(Source data)
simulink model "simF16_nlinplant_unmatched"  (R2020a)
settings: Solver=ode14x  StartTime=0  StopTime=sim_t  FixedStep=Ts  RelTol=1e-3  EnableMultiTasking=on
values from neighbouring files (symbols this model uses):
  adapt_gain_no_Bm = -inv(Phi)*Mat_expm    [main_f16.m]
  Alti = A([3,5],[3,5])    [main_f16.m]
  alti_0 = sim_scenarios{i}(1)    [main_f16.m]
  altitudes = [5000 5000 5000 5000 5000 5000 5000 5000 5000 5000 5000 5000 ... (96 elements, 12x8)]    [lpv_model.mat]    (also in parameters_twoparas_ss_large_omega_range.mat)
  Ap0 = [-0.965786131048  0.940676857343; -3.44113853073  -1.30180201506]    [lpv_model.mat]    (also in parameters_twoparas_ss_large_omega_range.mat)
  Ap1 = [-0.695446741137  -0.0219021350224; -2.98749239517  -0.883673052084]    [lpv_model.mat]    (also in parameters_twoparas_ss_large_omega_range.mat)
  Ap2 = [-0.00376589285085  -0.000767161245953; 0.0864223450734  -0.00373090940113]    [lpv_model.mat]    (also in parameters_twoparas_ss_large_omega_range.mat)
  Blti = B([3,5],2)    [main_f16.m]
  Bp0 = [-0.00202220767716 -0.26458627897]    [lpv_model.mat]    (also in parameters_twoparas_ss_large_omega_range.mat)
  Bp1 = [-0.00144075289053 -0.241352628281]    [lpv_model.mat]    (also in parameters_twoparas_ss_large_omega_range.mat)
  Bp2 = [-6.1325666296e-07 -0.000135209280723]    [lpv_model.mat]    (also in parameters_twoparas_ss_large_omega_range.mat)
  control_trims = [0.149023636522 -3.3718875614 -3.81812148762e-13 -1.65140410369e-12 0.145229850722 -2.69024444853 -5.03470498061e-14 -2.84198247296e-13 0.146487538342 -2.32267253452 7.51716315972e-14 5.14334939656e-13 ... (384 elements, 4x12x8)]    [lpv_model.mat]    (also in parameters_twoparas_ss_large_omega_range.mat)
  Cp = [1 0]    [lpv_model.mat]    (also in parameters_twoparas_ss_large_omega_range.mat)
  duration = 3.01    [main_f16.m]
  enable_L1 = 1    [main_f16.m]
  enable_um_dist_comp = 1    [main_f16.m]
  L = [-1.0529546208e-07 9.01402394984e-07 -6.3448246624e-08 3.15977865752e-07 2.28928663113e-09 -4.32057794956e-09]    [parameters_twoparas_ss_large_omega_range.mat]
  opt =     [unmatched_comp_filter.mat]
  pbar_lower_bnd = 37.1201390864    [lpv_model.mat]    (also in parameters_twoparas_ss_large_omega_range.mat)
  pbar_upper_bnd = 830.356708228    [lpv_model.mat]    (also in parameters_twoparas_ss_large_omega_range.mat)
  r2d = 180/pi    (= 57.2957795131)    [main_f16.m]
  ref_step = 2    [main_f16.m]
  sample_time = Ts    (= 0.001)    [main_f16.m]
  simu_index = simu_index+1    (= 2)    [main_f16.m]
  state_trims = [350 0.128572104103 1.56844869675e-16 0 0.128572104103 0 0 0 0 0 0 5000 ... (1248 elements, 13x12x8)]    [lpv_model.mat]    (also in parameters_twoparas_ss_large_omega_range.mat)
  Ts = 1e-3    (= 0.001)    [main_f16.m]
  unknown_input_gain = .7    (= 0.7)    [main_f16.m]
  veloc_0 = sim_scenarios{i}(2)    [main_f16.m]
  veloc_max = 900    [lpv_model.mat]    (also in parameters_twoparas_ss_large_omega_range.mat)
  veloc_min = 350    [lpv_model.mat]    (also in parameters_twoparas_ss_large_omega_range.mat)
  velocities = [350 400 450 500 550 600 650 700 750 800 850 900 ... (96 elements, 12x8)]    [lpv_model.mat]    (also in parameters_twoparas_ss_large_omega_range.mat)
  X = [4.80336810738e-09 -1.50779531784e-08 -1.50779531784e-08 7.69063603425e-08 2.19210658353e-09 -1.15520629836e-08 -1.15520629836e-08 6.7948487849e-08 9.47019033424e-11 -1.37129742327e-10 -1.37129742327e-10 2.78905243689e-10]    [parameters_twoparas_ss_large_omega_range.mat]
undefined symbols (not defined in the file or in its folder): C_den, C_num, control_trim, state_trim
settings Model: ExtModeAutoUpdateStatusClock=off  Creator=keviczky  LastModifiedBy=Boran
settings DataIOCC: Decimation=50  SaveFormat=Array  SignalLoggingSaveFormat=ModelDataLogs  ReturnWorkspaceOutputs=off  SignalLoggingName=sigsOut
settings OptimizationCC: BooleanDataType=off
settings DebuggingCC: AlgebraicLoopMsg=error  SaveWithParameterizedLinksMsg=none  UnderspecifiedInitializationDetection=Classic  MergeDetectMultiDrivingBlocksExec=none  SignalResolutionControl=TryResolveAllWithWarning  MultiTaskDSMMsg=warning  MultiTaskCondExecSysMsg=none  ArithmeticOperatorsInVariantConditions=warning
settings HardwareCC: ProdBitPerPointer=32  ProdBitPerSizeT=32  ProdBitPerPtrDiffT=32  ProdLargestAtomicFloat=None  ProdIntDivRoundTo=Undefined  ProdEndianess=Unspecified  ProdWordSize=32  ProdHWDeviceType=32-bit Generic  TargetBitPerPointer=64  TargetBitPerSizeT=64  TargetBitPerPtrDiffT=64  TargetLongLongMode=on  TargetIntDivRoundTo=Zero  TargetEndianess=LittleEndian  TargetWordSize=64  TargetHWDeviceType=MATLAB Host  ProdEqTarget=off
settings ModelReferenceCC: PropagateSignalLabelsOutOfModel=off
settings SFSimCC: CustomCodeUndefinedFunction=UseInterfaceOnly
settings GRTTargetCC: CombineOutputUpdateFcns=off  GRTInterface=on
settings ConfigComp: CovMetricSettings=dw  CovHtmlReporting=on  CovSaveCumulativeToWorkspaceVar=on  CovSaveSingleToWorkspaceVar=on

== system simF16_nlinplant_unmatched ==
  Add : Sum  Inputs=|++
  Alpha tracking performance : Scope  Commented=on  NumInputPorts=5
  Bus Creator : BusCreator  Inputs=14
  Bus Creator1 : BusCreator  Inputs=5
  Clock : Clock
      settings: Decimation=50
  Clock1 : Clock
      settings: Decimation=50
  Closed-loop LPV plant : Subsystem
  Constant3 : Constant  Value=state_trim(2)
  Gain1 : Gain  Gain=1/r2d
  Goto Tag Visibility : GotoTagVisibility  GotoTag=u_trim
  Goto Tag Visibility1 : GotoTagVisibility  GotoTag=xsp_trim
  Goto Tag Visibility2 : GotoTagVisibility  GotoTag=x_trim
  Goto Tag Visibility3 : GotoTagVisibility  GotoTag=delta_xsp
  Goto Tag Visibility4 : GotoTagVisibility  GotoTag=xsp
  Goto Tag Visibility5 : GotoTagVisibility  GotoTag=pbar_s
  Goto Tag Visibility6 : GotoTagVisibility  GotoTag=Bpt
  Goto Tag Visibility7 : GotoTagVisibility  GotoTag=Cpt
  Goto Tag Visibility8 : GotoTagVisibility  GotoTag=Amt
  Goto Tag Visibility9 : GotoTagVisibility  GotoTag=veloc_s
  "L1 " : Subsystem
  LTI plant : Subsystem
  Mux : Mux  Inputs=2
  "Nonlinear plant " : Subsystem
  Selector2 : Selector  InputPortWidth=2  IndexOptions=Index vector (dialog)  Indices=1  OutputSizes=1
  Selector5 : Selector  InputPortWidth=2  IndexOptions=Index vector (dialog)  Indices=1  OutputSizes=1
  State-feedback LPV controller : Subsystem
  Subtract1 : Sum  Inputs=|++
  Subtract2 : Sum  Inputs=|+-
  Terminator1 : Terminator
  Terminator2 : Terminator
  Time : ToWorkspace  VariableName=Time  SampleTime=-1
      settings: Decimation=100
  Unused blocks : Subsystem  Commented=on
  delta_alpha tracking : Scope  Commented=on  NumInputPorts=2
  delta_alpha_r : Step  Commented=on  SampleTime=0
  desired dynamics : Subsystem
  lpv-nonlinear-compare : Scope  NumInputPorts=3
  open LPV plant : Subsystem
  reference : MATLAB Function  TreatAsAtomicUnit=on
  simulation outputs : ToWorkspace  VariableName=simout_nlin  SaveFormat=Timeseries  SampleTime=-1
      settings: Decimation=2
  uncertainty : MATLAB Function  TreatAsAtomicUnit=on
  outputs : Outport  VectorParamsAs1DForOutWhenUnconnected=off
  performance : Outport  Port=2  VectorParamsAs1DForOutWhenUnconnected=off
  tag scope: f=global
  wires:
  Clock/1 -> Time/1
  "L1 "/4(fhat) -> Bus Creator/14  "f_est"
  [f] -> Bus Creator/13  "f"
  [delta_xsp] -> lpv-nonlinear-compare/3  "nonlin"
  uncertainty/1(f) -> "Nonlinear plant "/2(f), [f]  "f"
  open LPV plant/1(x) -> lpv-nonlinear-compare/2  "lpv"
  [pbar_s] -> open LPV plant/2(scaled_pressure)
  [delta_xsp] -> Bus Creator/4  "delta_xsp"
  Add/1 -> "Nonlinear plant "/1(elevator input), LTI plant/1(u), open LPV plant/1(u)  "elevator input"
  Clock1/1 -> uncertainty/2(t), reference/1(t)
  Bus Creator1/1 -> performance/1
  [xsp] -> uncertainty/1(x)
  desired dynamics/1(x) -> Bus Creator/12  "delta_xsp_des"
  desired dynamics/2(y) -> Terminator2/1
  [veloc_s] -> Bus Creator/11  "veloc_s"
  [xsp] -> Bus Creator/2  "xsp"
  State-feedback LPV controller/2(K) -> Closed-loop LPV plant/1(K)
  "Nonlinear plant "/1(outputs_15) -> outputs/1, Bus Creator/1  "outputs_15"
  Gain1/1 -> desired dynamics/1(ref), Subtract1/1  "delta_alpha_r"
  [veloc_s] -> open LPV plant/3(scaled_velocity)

▶ [PROBLEM]: The answer must be the line containing "State-feedback LPV controller/2(K)" and every line after it through the last line of the records above, repeated exactly.

▶ [RESULT FOR THIS TASK]:
  State-feedback LPV controller/2(K) -> Closed-loop LPV plant/1(K)
  "Nonlinear plant "/1(outputs_15) -> outputs/1, Bus Creator/1  "outputs_15"
  Gain1/1 -> desired dynamics/1(ref), Subtract1/1  "delta_alpha_r"
  [veloc_s] -> open LPV plant/3(scaled_velocity)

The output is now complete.